What the exercise asks: Transcribe only part of the material below: the lines from the one containing "#3238 = PLANE" through the one containing "#16271 = CARTESIAN_POINT", inclusive, exactly as written.
%%
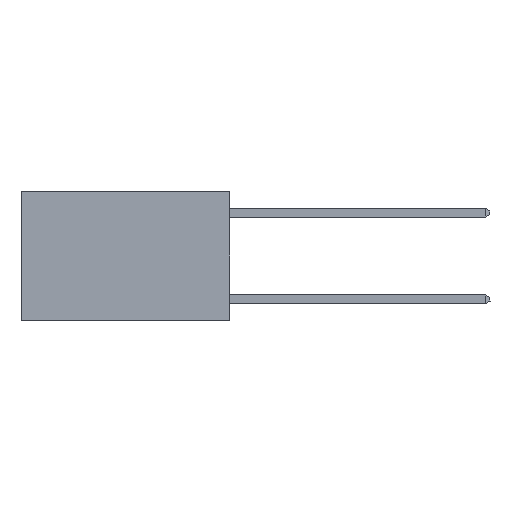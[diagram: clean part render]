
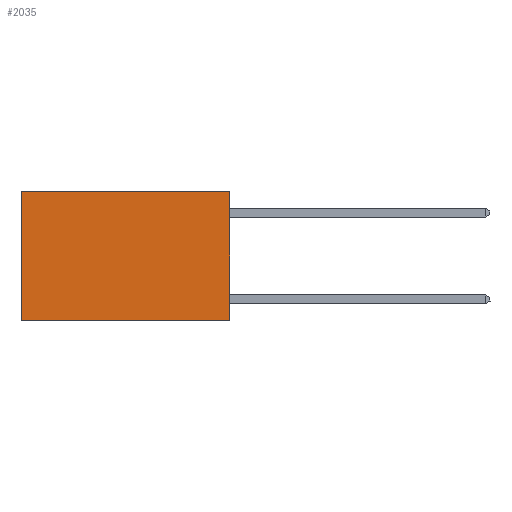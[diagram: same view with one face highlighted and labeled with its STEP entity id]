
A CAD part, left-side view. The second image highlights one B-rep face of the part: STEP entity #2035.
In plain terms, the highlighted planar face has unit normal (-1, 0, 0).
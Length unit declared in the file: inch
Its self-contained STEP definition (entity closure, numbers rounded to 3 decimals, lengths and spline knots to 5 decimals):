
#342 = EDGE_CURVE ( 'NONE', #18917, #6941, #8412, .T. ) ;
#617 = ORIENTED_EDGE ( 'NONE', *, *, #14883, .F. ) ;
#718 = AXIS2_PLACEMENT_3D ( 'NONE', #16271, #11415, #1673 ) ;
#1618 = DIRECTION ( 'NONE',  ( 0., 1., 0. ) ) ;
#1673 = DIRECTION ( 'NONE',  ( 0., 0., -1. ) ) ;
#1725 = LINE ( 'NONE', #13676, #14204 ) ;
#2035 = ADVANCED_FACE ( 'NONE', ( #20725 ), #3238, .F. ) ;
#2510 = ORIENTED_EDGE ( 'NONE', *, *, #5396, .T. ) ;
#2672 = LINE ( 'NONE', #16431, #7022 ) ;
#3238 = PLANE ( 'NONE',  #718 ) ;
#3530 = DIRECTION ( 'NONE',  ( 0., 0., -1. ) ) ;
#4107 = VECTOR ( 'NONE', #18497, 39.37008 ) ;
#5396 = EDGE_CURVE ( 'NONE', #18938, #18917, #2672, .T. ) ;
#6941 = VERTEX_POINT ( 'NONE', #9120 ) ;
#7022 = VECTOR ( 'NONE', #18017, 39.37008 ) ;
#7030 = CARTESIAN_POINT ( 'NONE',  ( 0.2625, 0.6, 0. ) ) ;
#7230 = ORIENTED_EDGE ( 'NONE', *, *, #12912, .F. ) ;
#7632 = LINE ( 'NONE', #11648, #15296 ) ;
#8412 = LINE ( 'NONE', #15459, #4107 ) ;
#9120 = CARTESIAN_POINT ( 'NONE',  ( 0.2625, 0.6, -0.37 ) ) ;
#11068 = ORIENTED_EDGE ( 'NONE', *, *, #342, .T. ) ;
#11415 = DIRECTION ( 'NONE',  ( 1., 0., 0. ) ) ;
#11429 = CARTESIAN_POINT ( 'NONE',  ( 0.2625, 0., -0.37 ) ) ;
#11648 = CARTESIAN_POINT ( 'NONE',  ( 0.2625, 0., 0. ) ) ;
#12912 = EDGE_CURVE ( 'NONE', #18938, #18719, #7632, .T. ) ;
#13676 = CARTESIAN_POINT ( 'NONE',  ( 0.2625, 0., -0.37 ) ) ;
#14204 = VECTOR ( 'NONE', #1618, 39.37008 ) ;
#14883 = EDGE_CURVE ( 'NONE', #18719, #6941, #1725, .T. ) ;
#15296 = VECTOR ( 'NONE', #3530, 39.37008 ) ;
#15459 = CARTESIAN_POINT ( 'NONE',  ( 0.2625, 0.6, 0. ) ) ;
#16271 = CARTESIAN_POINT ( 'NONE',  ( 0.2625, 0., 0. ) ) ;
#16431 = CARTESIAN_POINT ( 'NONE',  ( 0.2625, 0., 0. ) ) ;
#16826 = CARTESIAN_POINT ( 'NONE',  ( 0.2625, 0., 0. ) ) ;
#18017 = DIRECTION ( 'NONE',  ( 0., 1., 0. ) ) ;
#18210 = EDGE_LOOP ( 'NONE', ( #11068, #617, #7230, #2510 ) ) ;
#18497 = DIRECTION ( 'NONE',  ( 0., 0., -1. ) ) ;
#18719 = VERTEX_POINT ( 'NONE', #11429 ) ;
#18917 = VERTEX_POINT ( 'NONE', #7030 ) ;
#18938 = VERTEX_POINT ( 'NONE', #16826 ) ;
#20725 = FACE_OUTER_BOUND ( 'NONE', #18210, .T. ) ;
%%
Result below:
#3238 = PLANE ( 'NONE',  #718 ) ;
#3530 = DIRECTION ( 'NONE',  ( 0., 0., -1. ) ) ;
#4107 = VECTOR ( 'NONE', #18497, 39.37008 ) ;
#5396 = EDGE_CURVE ( 'NONE', #18938, #18917, #2672, .T. ) ;
#6941 = VERTEX_POINT ( 'NONE', #9120 ) ;
#7022 = VECTOR ( 'NONE', #18017, 39.37008 ) ;
#7030 = CARTESIAN_POINT ( 'NONE',  ( 0.2625, 0.6, 0. ) ) ;
#7230 = ORIENTED_EDGE ( 'NONE', *, *, #12912, .F. ) ;
#7632 = LINE ( 'NONE', #11648, #15296 ) ;
#8412 = LINE ( 'NONE', #15459, #4107 ) ;
#9120 = CARTESIAN_POINT ( 'NONE',  ( 0.2625, 0.6, -0.37 ) ) ;
#11068 = ORIENTED_EDGE ( 'NONE', *, *, #342, .T. ) ;
#11415 = DIRECTION ( 'NONE',  ( 1., 0., 0. ) ) ;
#11429 = CARTESIAN_POINT ( 'NONE',  ( 0.2625, 0., -0.37 ) ) ;
#11648 = CARTESIAN_POINT ( 'NONE',  ( 0.2625, 0., 0. ) ) ;
#12912 = EDGE_CURVE ( 'NONE', #18938, #18719, #7632, .T. ) ;
#13676 = CARTESIAN_POINT ( 'NONE',  ( 0.2625, 0., -0.37 ) ) ;
#14204 = VECTOR ( 'NONE', #1618, 39.37008 ) ;
#14883 = EDGE_CURVE ( 'NONE', #18719, #6941, #1725, .T. ) ;
#15296 = VECTOR ( 'NONE', #3530, 39.37008 ) ;
#15459 = CARTESIAN_POINT ( 'NONE',  ( 0.2625, 0.6, 0. ) ) ;
#16271 = CARTESIAN_POINT ( 'NONE',  ( 0.2625, 0., 0. ) ) ;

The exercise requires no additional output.